I'm currently living with friends an hour and a half away from him and work (in completely different part of state). Until I move into my own place, I have no where to bring him. I can't find a suitable place to that I can come close to affording. Out house was out in the country. My job is in a middle of no where tiny town an hour from that. All my friends live in the city that is an hour and a half from I only took that job because I was basically forced to move from the city because she didn't want to raise the baby there. So unless I wanted to be a deadbeat, I had to follow her to this absolutely nothing to do area of the state. I had no friends there, and she went from the girl who smoked more weed than I've ever seen anyone smoke to not smoking at all. Or drinking. And goes to bed at 9pm every Friday and Saturday.

So I began to grow extremely bitter and resentful. We never communicated well but it got worse. We kept getting pissy with each other over the dumbest shit. Then not talk all day. Recently we started bickering more and more. Every hour drive home after work I couldn't stop thinking about how were not right for each other and how bullshit I thought the whole situation was. She did nothing to make me happy and nothing to make that feel like it was my home. She let her dog control the house including shitting all over it. He would let us touch without whining and wouldnt let us lay in bed together sit on the sofa without being pet the whole time. She didn't seem to give two shits how much this all annoyed me.

We had our breakup argument over Thanksgiving plans. I nicely mentioned that I'd like to not rush away from my parents house because it feels like we always do. That pissed her off so we started bickering. I started telling her I couldn't handle that anymore and started insulting her. We decided I'd move out soon and I kindly told her a few nights later I'm trying my best but with the current location setup and other variables, it might take a minute.

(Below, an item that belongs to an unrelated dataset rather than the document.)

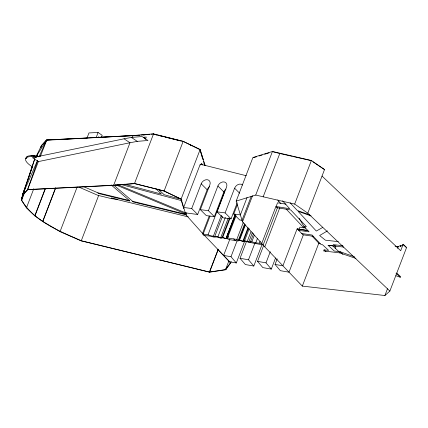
<?xml version="1.0" encoding="UTF-8"?>
<svg xmlns="http://www.w3.org/2000/svg" width="428" height="428" viewBox="0 0 428 428"><rect width="100%" height="100%" fill="white"/><g stroke="black" fill="none" stroke-linecap="round" stroke-linejoin="round"><path stroke-width="0.64" d="M231.184 261.61L230.708 262.851L225.765 269.731L209.57 272.165L81.234 240.857L60.027 231.655L42.704 221.383L34.78 215.824L26.429 207.896L21.4 200.074L22.47 195.024L34.78 158.777M217.558 249.289L230.451 262.776L225.535 269.619L209.426 272.037L81.234 240.761C59.84 231.222 34.106 221.431 21.651 200.149L23.428 193.269M41.125 147.264L41.521 145.386L46.673 139.929L87.077 138.126M24.064 192.552L21.673 198.785L25.006 188.63M27.922 179.744L34.791 158.804M37.696 160.768L27.617 189.572L22.47 195.024L32.849 165.743M21.673 198.785L23.465 193.756M32.282 166.76A18.361 6.008 21 0 1 33.887 156.766L34.417 156.001A18.008 5.89 21 0 0 30.955 155.851M34.502 156.584L34.031 156.188L37.092 156.177L37.209 155.867L38.643 156.493M25.546 187.015L22.47 195.024L37.407 160.693M40.574 147.858L41.521 145.386L36.316 156.172M41.58 145.622L46.802 139.988L134.221 135.58M21.4 200.074L24.257 192.627M21.651 200.149L24.733 192.108M38.36 161.591L32.426 157.654L124.05 138.811L131.348 137.425L142.059 136.548L147.992 140.486L137.281 141.358L129.984 142.749L38.36 161.591L27.617 189.572L113.688 185.201L134.504 183.505L164.117 190.958L181.108 199.09L185.843 214.674L202.551 233.404L230.708 262.851M40.312 156.504L46.802 139.988L43.287 143.819M26.429 207.896L33.785 188.732M34.78 215.824L45.224 188.625M34.978 215.83L45.416 188.636M42.704 221.383L55.565 187.876M42.864 221.362L55.677 187.983M87.066 137.88L88.965 132.937L98.055 132.477L102.174 135.312L101.463 137.169M60.027 231.655L77.174 186.983M96.172 137.661L98.055 132.477M81.234 240.857L98.617 195.559M113.688 185.201L129.984 142.749L124.05 138.811M132.054 137.356L132.744 135.564L153.556 133.862L183.173 141.32L200.16 149.452L203.284 159.74L203.439 161.399M46.695 140.207L132.83 135.623M145.343 139.507L146.29 137.035L143.348 137.27L145.574 138.747M134.504 183.505L153.556 133.862M153.62 134.178L183.152 141.406L199.86 149.629M164.117 190.958L183.173 141.32M181.108 199.09L200.16 149.452M246.293 175.731L200.261 164.191L183.649 207.462L191.712 208.516L197.661 214.471L207.157 189.748A5.254 4.002 -45 0 1 209.677 186.635M201.181 164.427L201.658 163.191L202.219 165.037M203.685 161.474L203.509 161.217L204.654 164.983M185.843 214.674L186.555 212.812M205.114 165.283L204.83 165.449L205.114 165.283L203.755 161.286M191.712 208.516L201.203 183.794A5.254 4.002 -45 0 1 207.302 179.723A5.254 4.002 -45 0 1 209.838 184.928L200.347 209.65L206.301 215.605L214.364 216.664L223.855 191.937A5.254 4.002 -45 0 1 226.005 189.09M214.364 216.664L208.409 210.71L217.9 185.982A5.254 4.002 -45 0 1 223.999 181.916A5.254 4.002 -45 0 1 226.535 187.116L217.044 211.844L222.999 217.799L231.061 218.858L237.23 202.786M202.551 233.404L209.222 216.033M203.166 234.046L210.041 216.145M208.029 234.828C212.074 236.828 216.654 235.78 220.671 237.791C222.929 236.604 224.973 239.129 227.225 238.631L227.541 237.952L236.807 239.439L238.375 240.172L242.853 241.178L244.607 240.691L248.786 241.959L251.803 241.841L255.751 242.879L261.743 243.436L275.98 206.344L277.387 207.922L263.15 245.014C257.067 243.687 250.985 242.949 245.078 241.178C242.82 242.366 240.777 239.841 238.524 240.338L238.214 241.018L228.948 239.53L227.375 238.797L222.897 237.791L221.142 238.278L217.028 237.005L213.946 237.128L210.004 236.09L204.006 235.534L202.599 233.956L208.029 234.828L224.422 192.124M213.315 236.379L221.42 215.263M214.829 236.272L222.421 216.488M231.061 218.858L225.107 212.903L234.598 188.176A5.254 4.002 -45 0 1 242.617 185.014M217.916 236.77L225.326 217.467M220.671 237.791L228.279 217.98M222.1 237.46L229.435 218.36M236.186 201.096L252.916 157.515L272.449 151.48L311.397 160.5L324.52 169.584L307.796 213.165L389.871 291.067L384.9 295.523L302.323 286.102L264.782 246.844L242.499 221.87L236.186 201.096L255.719 195.061L294.673 204.081L307.796 213.165M209.426 272.037L218.205 249.166M222.672 237.524L229.991 218.457M209.57 272.165L218.146 249.829M251.279 196.19L242.023 220.297L239.696 219.992L233.742 214.037L237.305 204.766M235.218 214.423L225.931 238.605L226.567 238.738M226.032 238.642L235.074 215.075M227.84 234.458L228.552 232.597M229.504 230.12L230.692 227.017M231.644 224.534L232.837 221.436M233.79 218.954L234.977 215.856M226.53 238.744L235.603 215.204M227.225 238.631L236.053 215.771M227.851 237.561L228.322 236.326M223.619 255.436L229.772 239.402M247.031 197.602L240.386 214.91L233.742 214.037M242.499 221.87L252.536 195.724M236.807 239.439L243.275 222.576M225.535 269.619L228.857 260.962M225.765 269.731L226.482 267.869M244.597 241.328L236.293 262.963L230.997 256.725L237.166 240.654M238.375 240.172L244.677 223.758M255.719 195.061L272.449 151.48M239.049 240.065L245.073 224.358M239.578 240.172L245.351 225.139M242.853 241.178L248.042 227.664M243.43 241.189L248.352 228.359M244.607 240.691L249.219 228.675M263.129 196.912L279.859 153.331M262.102 244.393L253.799 266.029L245.346 264.547L240.049 258.309L246.458 241.622M247.175 241.579L250.995 231.628M248.786 241.959L252.359 232.645M250.327 242.088L253.547 233.693M251.803 241.841L254.355 235.197M253.799 266.029L248.502 259.785L254.906 243.099M255.751 242.879L257.346 238.717M259.438 243.067L260.154 241.199M277.387 207.922L276.119 206.505L277.547 202.781L285.92 204.145M275.573 257.961L271.299 269.089L262.851 267.612L257.554 261.369L263.723 245.298M264.782 246.844L279.837 207.623M271.299 269.089L266.002 262.851L270.277 251.723M294.673 204.081L311.397 160.5M275.06 264.434L282.919 265.809L297.155 228.718L303.259 235.1L289.018 272.187L280.351 270.673L275.06 264.434L277.194 258.87M298.888 229.783L299.905 227.124L305.763 227.99M302.323 286.102L318.817 243.147M301.735 233.506L312.098 235.042L321.021 244.495L322.45 244.656L328.645 250.391L324.066 249.872L323.654 250.952L339.597 252.862L355.903 258.41M335.183 248.7L335.857 246.945L334.91 246.073M339.597 252.862L340.046 251.691L354.411 256.747M397.687 248.315L398.366 246.544L400.688 245.437L400.999 245.731L400.645 246.656L400.335 246.362L400.688 245.437M400.335 246.362L402.582 245.292L403.187 244.244L406.6 247.486L389.871 291.067M403.187 244.244L400.694 250.738L322.033 176.074M384.9 295.523L387.506 288.723M395.9 275.75L400.287 277.242L400.528 276.622L396.751 273.037M39.119 156.702L46.673 139.929L36.412 156.156M34.62 156.263L34.149 155.883L37.209 155.867M36.364 156.225L37.038 155.134M22.716 195.12L27.841 189.69L113.869 185.324L134.638 183.628L164.101 191.043L180.878 199.079L183.778 208.623M327.447 230.885L319.62 235.523L325.376 240.178L338.371 241.654M322.653 227.461L316.319 231.05L298.049 211.304L311.103 215.921M253.43 157.723L256.549 156.76M259.042 155.99L262.166 155.027M264.659 154.251L269.025 152.903M336.001 245.833L334.701 246.057L333.193 244.623L342.871 245.731M135.521 135.473L139.416 135.157M140.71 135.05L144.605 134.734M145.905 134.627L149.795 134.312M151.095 134.205L153.689 133.991M132.851 135.874L134.151 135.767M138.046 135.446L139.341 135.344M143.236 135.023L145.183 134.868M148.43 134.601L149.725 134.494M96.156 137.42L132.744 135.564M35.417 156.899L36.615 156.937M117.604 199.298L111.628 198.683L111.301 198.105L112.634 198.239M343.732 247.084L328.094 245.303L332.626 245.822L338.821 251.552M324.52 169.584L312.868 161.773M395.06 246.17L398.366 246.544M396.141 246.507L398.099 246.731M320.176 243.404L318.892 243.259L312.065 236.117M200.347 209.65L208.409 210.71M217.044 211.844L225.107 212.903M185.287 212.85L197.661 214.471M299.129 218.259L303.768 226.214L306.405 226.605L290.773 209.971L277.248 207.762M297.342 228.916L307.769 230.457M297.46 229.039L307.887 230.585M298.68 230.312L309.091 231.858L303.768 226.214M302.954 234.779L313.296 236.315M280.886 203.461L278.639 201.369L279.067 201.422L277.751 199.946M276.119 206.505L289.649 208.709L282.566 200.775M223.395 255.398L230.997 256.725M240.049 258.309L248.502 259.785M257.554 261.369L266.002 262.851M229.494 261.776L236.293 262.963M33.887 156.766L35.192 156.996M239.156 240.236L239.798 240.354M279.987 153.55L292.367 156.364M293.672 156.659L311.263 160.661M97.889 192.819L129.342 200.491L129.663 201.074L98.21 193.403L97.889 192.819L83.166 186.437M113.682 185.073L132.6 201.288L185.666 214.235M186.656 214.979L132.921 201.872L132.6 201.288M111.301 198.105L188.315 216.894M111.628 198.683L97.862 195.329L79.148 187.207M273.374 151.897L279.388 153.401M154.899 134.499L156.825 134.986M160.024 135.788L161.945 136.275M165.149 137.078L180.52 140.946M124.291 184.184L161.479 194.087L155.755 188.657M120.364 184.318L181.916 200.711M203.284 159.74L200.127 150.084M309.824 214.926L297.305 210.496L290.114 202.77M34.058 156.049L35.535 156.589M36.401 157.258L33.94 156.359L34.149 155.883L35.101 156.295M117.534 184.58L185.388 212.791M115.507 184.736L185.763 213.941M37.092 156.177L38.531 156.803M36.594 156.177L38.038 156.809M34.031 156.188L35.941 157.023M190.273 145.039L191.471 145.611M131.348 137.425L137.281 141.358M98.349 136.821L99.387 137.532M111.141 184.896L129.342 200.491M328.142 245.346L334.289 251.038L340.046 251.691L342.882 254.382M402.941 244.367L406.081 247.347M402.582 245.292L402.892 245.586M396.039 273.208L400.287 277.242M324.066 249.872L325.954 251.664M233.656 238.936L235.368 240.557M158.296 189.181L164.111 194.703L178.995 198.752L178.332 197.602M234.598 188.176L239.637 193.215M217.9 185.982L223.855 191.937M201.203 183.794L207.157 189.748M286.198 209.067L303.907 227.98M200.058 150.265L200.636 152.175M201.021 153.449L202.76 159.173M204.012 163.282L204.584 165.171M200.261 164.191L200.534 165.085M26.215 158.713A18.008 5.89 21 0 1 27.676 156.546M25.883 158.606A18.361 6.008 21 0 1 34.245 155.835"/></g></svg>

We had a nice civil convo for a sec the next night were she started digging at me about the timeframe. I blew up again. She text me the next day telling me to be out by the weekend so I responded by telling her how much I hated her and she made me sick. she text me again to clarify she only meant move into a friend's or hotel by the weekend not sign a lease. which pissed me off. I told her if she text me again I'd splatter my brains all over her bedroom.

All I wanted to do that night was bathe and feed my baby and hold him until he went to sleep. My dad called on the way home and said he was driving up to meet for dinner. I said no, I wanted to be with the baby. He said my ex had called and told him she was scared and had taken the baby to her parents. It was the hardest thing I've ever heard. I seriously contemplated suicide for a minute. I've always thought about it, but not like that. I got to the house and started slamming beer and packing all my shit and every grocery I had purchased.

Been at my friend's place in the city ever since. I fucking hate living out of someone else's place. and it's far as shit from work with terrible traffic. The ex and I have text some but mostly me spilling my guts. She doesn't reply to most. She did tell me she wanted me in the babies life as much as possible. But it went from nightly playtime to who the fuck knows when I'll see him.

Incredibly stressed and overwhelmed right now. Finally got into a therapist very recently. And she's pretty sexy. So that's cool. But I need mental health help big time and I took way too long of a break since last doctor. I don't get to see the psychiatrist until the 13th but hoping to be zombified with lithium. My last doctor tried to put me on it but I refused unfortunately.

So wish me luck sherbros this has been a terrible experience. All topped off with a crazy amount of debt I can't pay back.